後先になってしまいました。現人文科学研究所長高木博志教授は「「山本明氏旧蔵コレクション(山本明社会藝能文庫)」について」でコレクション受け入れの経緯、意義、コレクションを山本明家ご家族で守り受け継いで来られた歴史などを紹介されています。

その内でも京都大学にこのコレクションが寄贈された意味を、“また旧帝国大学の図書蒐集は社会科学が中心で、人文系は前近代に片寄りがちであり、近現代の映画や芝居・大衆文学などに関する図書や資料が少なかった。しかし「山本明氏旧蔵コレクション(山本明社会藝能文庫)」には、映画・芝居のパンフレット、チラシ、ポスター類のみならず、京都大学に未所蔵(傍点は筆者)の膨大な映画・演劇関係や文化運動関係の図書・雑誌が含まれていた。それらの図書・雑誌は受け入れ後、5年間を経て、人文科学研究所図書掛の協力をえて、すでに備品登録されて、人文科学研究所図書室で公開されている。”と記されています。

私ども図書館資料保存ワークショップは、図書館の所蔵資料を大切に保管し、研究や調査、学習のために利用しやすく、将来に渡って受け継ぐための部署を図書館につくりたい、まず図書館の本を自分たちの手で修理しよう。と活動を続けてきました。

図書館業務がコンピュータ化され、学術雑誌や論文がデジカル化される時代になり、図書館の所蔵する紙資料を中心とする、これまで図書館で利用、保存されて来た資料がないがしろにされているのでは?と心配しています。

山本コレクションのような貴重な資料を図書館に受け入れ、キチンと未来へ受け継いで行く仕事を図書館の正式な業務とし、人材育成をも行える、資料保存部門、修復室etc.が欲しいなあ。と人文研のこの素晴らしいお仕事を拝見し、思いを新にしています。

更に懐かしい映画についての書籍
上に記した共同研究だけでなく、映画関係の人文研共同研究「オーラル・ヒストリー・アーカイヴによる戦後日本映画史の再構築研究会」は、2016年から3年間にわたる研究の成果を谷川健司編『映画産業史の転換点』という本にまとめ、森話社から2019年に出版されています。

この論集中で、映画「祇園祭」についても論じられています。この映画は京都府が出資し、中村錦之助がプロジュース兼主演をし、1968年公開されました。現在でも京都府が映画フィルムを所有しているということです。
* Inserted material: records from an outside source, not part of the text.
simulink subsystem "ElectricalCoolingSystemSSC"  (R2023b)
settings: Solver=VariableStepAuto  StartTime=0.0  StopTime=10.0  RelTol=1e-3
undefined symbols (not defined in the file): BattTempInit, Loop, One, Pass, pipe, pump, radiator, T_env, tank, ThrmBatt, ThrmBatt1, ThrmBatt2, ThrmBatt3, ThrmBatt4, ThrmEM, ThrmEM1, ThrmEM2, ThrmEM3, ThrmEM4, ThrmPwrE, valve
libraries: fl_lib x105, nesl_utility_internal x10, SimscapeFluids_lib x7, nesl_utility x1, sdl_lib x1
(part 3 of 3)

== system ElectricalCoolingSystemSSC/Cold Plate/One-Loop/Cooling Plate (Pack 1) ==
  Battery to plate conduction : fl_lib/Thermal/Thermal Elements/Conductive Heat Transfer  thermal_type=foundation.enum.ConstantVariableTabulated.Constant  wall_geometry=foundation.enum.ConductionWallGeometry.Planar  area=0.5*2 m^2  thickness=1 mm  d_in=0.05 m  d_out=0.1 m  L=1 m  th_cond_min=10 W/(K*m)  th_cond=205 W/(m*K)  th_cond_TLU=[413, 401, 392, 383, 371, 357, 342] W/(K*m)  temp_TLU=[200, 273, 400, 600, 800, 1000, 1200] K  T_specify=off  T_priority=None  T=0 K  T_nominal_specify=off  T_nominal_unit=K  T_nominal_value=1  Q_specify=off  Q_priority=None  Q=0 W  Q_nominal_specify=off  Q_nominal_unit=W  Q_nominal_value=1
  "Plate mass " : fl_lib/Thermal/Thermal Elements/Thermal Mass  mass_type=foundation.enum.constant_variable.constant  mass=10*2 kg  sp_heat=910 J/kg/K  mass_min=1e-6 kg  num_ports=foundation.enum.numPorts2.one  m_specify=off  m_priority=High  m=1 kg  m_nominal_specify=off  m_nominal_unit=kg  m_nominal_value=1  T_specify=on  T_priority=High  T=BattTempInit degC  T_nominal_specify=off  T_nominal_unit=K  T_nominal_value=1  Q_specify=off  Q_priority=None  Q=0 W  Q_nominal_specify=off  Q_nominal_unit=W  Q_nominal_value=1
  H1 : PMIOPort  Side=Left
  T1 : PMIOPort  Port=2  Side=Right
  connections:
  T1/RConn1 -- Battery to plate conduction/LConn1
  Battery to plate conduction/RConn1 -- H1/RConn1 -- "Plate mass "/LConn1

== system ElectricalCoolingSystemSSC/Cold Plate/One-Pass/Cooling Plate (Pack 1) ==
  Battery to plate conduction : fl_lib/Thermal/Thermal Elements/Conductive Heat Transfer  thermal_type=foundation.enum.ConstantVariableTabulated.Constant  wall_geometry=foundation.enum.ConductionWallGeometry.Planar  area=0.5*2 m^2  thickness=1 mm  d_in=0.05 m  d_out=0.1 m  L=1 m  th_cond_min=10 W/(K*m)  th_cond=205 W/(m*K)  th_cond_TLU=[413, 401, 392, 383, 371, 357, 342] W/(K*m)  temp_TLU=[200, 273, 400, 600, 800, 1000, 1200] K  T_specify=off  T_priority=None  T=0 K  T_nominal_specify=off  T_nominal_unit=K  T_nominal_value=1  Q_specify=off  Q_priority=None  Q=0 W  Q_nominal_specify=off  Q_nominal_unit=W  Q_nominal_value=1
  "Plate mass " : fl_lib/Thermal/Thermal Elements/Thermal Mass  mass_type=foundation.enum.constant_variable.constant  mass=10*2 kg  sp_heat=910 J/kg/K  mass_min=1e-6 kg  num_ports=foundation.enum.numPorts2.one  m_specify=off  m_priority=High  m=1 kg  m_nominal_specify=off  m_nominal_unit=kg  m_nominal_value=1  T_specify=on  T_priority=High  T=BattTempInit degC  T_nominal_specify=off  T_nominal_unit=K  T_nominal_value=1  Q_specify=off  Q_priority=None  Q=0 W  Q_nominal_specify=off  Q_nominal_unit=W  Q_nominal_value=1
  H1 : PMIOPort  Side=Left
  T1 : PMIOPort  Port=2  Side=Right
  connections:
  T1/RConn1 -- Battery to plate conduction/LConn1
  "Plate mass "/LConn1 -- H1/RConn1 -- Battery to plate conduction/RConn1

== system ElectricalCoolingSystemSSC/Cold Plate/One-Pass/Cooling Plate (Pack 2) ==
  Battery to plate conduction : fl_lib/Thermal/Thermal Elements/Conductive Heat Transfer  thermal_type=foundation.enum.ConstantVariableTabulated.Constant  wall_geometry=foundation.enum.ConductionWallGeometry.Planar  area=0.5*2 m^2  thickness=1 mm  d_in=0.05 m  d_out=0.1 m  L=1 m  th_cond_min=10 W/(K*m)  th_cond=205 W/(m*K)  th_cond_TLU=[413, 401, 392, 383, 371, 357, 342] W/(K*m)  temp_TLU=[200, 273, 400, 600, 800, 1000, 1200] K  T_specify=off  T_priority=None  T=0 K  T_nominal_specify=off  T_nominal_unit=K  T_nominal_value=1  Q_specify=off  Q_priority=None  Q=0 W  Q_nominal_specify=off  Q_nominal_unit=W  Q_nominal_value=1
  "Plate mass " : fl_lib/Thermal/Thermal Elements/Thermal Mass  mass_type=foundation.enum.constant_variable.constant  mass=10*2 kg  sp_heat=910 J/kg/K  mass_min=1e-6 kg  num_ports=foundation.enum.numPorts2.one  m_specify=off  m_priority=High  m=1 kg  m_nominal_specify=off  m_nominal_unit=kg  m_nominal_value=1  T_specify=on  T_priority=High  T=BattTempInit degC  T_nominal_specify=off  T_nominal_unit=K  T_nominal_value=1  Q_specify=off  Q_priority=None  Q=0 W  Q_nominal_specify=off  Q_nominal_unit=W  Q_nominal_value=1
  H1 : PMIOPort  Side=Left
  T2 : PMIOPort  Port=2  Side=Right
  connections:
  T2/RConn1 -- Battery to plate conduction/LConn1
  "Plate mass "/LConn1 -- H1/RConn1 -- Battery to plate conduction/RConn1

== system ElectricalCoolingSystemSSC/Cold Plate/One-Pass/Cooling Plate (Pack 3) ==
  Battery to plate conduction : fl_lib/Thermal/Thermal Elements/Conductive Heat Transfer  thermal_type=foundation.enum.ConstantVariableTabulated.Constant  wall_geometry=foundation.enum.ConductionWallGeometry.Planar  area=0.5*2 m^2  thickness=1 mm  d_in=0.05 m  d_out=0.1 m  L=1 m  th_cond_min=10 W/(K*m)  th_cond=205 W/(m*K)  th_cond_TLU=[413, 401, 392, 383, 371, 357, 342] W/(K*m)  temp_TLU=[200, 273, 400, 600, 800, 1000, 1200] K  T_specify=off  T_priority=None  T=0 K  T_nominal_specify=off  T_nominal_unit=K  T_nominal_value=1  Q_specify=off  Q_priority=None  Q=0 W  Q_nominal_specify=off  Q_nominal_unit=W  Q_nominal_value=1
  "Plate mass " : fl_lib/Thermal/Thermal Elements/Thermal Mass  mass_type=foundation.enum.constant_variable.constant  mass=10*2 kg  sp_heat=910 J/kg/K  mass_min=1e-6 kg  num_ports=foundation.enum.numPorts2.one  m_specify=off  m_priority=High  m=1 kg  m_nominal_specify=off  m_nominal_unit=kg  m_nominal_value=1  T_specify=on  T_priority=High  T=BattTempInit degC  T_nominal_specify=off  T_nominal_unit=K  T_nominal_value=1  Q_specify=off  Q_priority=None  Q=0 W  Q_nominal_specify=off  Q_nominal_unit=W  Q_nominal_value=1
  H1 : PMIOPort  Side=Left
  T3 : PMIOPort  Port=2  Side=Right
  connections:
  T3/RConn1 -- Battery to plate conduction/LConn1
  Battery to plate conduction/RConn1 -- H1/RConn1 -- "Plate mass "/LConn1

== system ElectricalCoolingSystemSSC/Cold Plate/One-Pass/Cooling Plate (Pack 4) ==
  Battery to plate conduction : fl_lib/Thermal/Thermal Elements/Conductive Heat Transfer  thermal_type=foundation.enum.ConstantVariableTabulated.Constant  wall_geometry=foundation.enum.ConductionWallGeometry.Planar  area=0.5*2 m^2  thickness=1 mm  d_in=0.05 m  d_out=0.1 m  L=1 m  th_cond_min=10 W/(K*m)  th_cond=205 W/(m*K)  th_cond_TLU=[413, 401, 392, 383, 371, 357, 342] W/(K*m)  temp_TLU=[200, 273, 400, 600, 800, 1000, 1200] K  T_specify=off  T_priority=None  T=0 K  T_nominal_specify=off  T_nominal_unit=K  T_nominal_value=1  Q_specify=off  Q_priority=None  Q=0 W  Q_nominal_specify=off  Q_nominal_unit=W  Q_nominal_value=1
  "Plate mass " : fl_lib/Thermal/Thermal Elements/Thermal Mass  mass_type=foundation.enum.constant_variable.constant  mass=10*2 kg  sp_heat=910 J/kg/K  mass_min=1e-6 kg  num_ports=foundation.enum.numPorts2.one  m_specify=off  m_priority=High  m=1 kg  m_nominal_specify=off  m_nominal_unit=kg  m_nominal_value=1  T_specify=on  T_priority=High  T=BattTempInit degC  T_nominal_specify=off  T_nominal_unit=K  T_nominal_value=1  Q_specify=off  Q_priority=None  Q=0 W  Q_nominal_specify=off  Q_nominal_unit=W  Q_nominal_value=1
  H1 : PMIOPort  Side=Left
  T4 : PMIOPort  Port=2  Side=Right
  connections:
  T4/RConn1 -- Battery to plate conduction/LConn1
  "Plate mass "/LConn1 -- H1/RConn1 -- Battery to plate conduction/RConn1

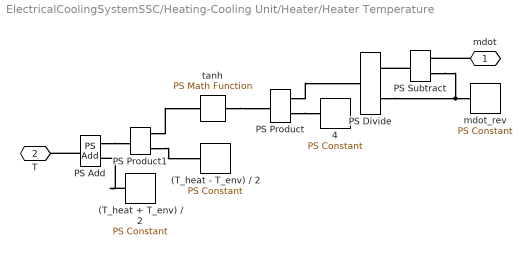
== system ElectricalCoolingSystemSSC/Heating-Cooling Unit/Heater/Heater Temperature ==
  (T_heat + T_env) / 2 : fl_lib/Physical Signals/Sources/PS Constant  constant=(T_heat +T_env + 273.15)/2 K
  (T_heat - T_env) / 2 : fl_lib/Physical Signals/Sources/PS Constant  constant=(T_heat - T_env - 273.15)/2 K
  4 : fl_lib/Physical Signals/Sources/PS Constant  constant=4
  PS Add : fl_lib/Physical Signals/Functions/PS Add
  PS Divide : fl_lib/Physical Signals/Functions/PS Divide
  PS Product : fl_lib/Physical Signals/Functions/PS Product
  PS Product1 : fl_lib/Physical Signals/Functions/PS Product
  PS Subtract : fl_lib/Physical Signals/Functions/PS Subtract
  mdot_rev : fl_lib/Physical Signals/Sources/PS Constant  constant=mdot_rev kg/s
  tanh : fl_lib/Physical Signals/Functions/PS Math Function  fcn_choice=foundation.enum.math_function.tanh  v=1
  mdot : PMIOPort  Side=Left
  T : PMIOPort  Port=2  Side=Right
  connections:
  PS Add/RConn1 -- T/RConn1
  tanh/LConn1 -- PS Product/RConn1
  PS Divide/LConn2 -- PS Subtract/LConn2 -- mdot_rev/RConn1
  PS Product/LConn2 -- 4/RConn1
  PS Add/LConn1 -- PS Product1/RConn1
  PS Subtract/RConn1 -- PS Divide/LConn1
  PS Product1/LConn2 -- (T_heat - T_env) / 2/RConn1
  PS Product1/LConn1 -- tanh/RConn1
  PS Product/LConn1 -- PS Divide/RConn1
  (T_heat + T_env) / 2/RConn1 -- PS Add/LConn2
  mdot/RConn1 -- PS Subtract/LConn1

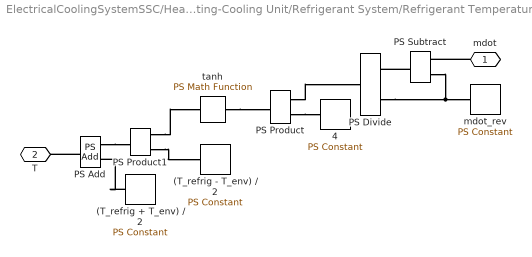
== system ElectricalCoolingSystemSSC/Heating-Cooling Unit/Refrigerant System/Refrigerant Temperature ==
  (T_refrig + T_env) / 2 : fl_lib/Physical Signals/Sources/PS Constant  constant=(T_refrig+T_env+273.15)/2 K
  (T_refrig - T_env) / 2 : fl_lib/Physical Signals/Sources/PS Constant  constant=(T_refrig-T_env-273.15)/2 K
  4 : fl_lib/Physical Signals/Sources/PS Constant  constant=4
  PS Add : fl_lib/Physical Signals/Functions/PS Add
  PS Divide : fl_lib/Physical Signals/Functions/PS Divide
  PS Product : fl_lib/Physical Signals/Functions/PS Product
  PS Product1 : fl_lib/Physical Signals/Functions/PS Product
  PS Subtract : fl_lib/Physical Signals/Functions/PS Subtract
  mdot_rev : fl_lib/Physical Signals/Sources/PS Constant  constant=mdot_rev kg/s
  tanh : fl_lib/Physical Signals/Functions/PS Math Function  fcn_choice=foundation.enum.math_function.tanh  v=1
  mdot : PMIOPort  Side=Left
  T : PMIOPort  Port=2  Side=Right
  connections:
  tanh/LConn1 -- PS Product/RConn1
  PS Product/LConn1 -- PS Divide/RConn1
  (T_refrig + T_env) / 2/RConn1 -- PS Add/LConn2
  PS Divide/LConn2 -- PS Subtract/LConn2 -- mdot_rev/RConn1
  PS Add/RConn1 -- T/RConn1
  PS Add/LConn1 -- PS Product1/RConn1
  PS Product1/LConn1 -- tanh/RConn1
  PS Product/LConn2 -- 4/RConn1
  PS Subtract/RConn1 -- PS Divide/LConn1
  PS Product1/LConn2 -- (T_refrig - T_env) / 2/RConn1
  mdot/RConn1 -- PS Subtract/LConn1

私など一般映画ファンには、簡単に観ることができないという[幻の映画]の感がします。

先に登場した我が家の映画狂は、滋賀県立図書館から借り出した『映画産業史の転換点』を、当時京大の図書館に就職したての頃を思い出しながら、夢中になって読んで居ります。

資料保存ワークショップ
M.T.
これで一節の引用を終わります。